Several ACT exercises may enhance psychological flexibility when injustice experiences become problematic. Exercises such as the Chinese finger trap79 may facilitate the cessation of ineffective efforts to control injustice-related experiences by showing the ironic effect of struggling for control. To promote cognitive defusion, individuals may repeat the word ‘unfair’ for 30 seconds so that it can be experienced as a meaningless sound.60 Individuals may mindfully ‘track their thoughts in time’60 to gain awareness of the mind’s tendency to drift to past and future injustice experiences. The ‘observer self’60 exercise may help individuals experience the self as context, distinct from the justice-related content of the conceptualised self. To clarify values, individuals may imagine what they would like others to say about them at a send-off party.79
Conclusion and future directions
There is mounting evidence that the experience of pain-related injustice adversely influences recovery among individuals with chronic pain.
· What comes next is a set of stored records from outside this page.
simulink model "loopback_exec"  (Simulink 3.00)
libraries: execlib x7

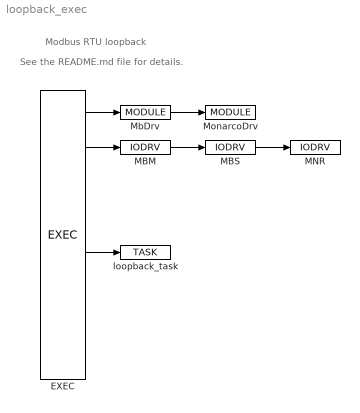
== system loopback_exec ==
  note: See the README.md file for details.
  note: Modbus RTU loopback
  EXEC : execlib/EXEC  target=Generic target device  tick=0.05  ntick0=10  ntick1=50  ntick2=100  ntick3=1200  pri0=5  pri1=9  pri2=13  pri3=18
  MBM : execlib/IODRV  module=MbDrv  classname=MbmDrv  cfgname=master_cfg.rio  factor=5  stack=10240  pri=3  timer=off
  MBS : execlib/IODRV  module=MbDrv  classname=MbsDrv  cfgname=slave_cfg.rio  factor=1  stack=10240  pri=3  timer=off
  MNR : execlib/IODRV  module=MonarcoDrv  classname=MonarcoHatDrv  cfgname=monarco.rio  factor=1  stack=10240  pri=3  timer=off
  MbDrv : execlib/MODULE
  MonarcoDrv : execlib/MODULE
  loopback_task : execlib/TASK  factor=1  start=0  stop=1  stack=10240  MDLOPEN=on
  wires:
  EXEC/1 -> MbDrv/1
  EXEC/2 -> MBM/1
  EXEC/5 -> loopback_task/1
  MBM/1 -> MBS/1
  MBS/1 -> MNR/1
  MbDrv/1 -> MonarcoDrv/1

Accumulating evidence also supports the role of psychological flexibility in adjustment to chronic pain and the usefulness of ACT for improving patients’ quality of life with pain through enhancing psychological flexibility. This review brings together these lines of research and proposes that the psychological flexibility framework underlying ACT may be a clinically useful model to understand the association between the experience of pain-related injustice and adverse pain outcomes.
Future research in this area is needed to empirically test whether the process of psychological flexibility mediates between experiences of injustice and chronic pain outcomes. Additional research is needed to refine the measurement of the processes comprising psychological flexibility, which are currently in the initial stages of development within the field of pain. Future research may also benefit from the use of momentary ecological assessment methods to investigate the dynamic associations among the injustice experience and the interrelated processes of psychological flexibility. Basic research will be needed to experimentally test the relationships between injustice experiences, processes of psychological flexibility and pain outcomes. This research will benefit from recent methods used to experimentally induce pain-related injustice81,82 in conjunction with experimental ACT interventions that are well described in the literature.36 Future research is also needed to investigate the effectiveness of ACT to mitigate the association between the injustice experience and adverse chronic pain outcomes in patients with pain and, if effective, whether this can be attributed to the proposed processes.
Acknowledgments
The authors thank Dr Michael Sullivan for his comments on an earlier version of this manuscript.
Footnotes
Conflict of interest: The authors declare that there is no conflict of interest.
Funding: This research was supported by funds from le Fonds de la Recherche en Santé du Québec and l’Institut de Recherche Robert-Sauvé en Santé et en Sécurité du Travail.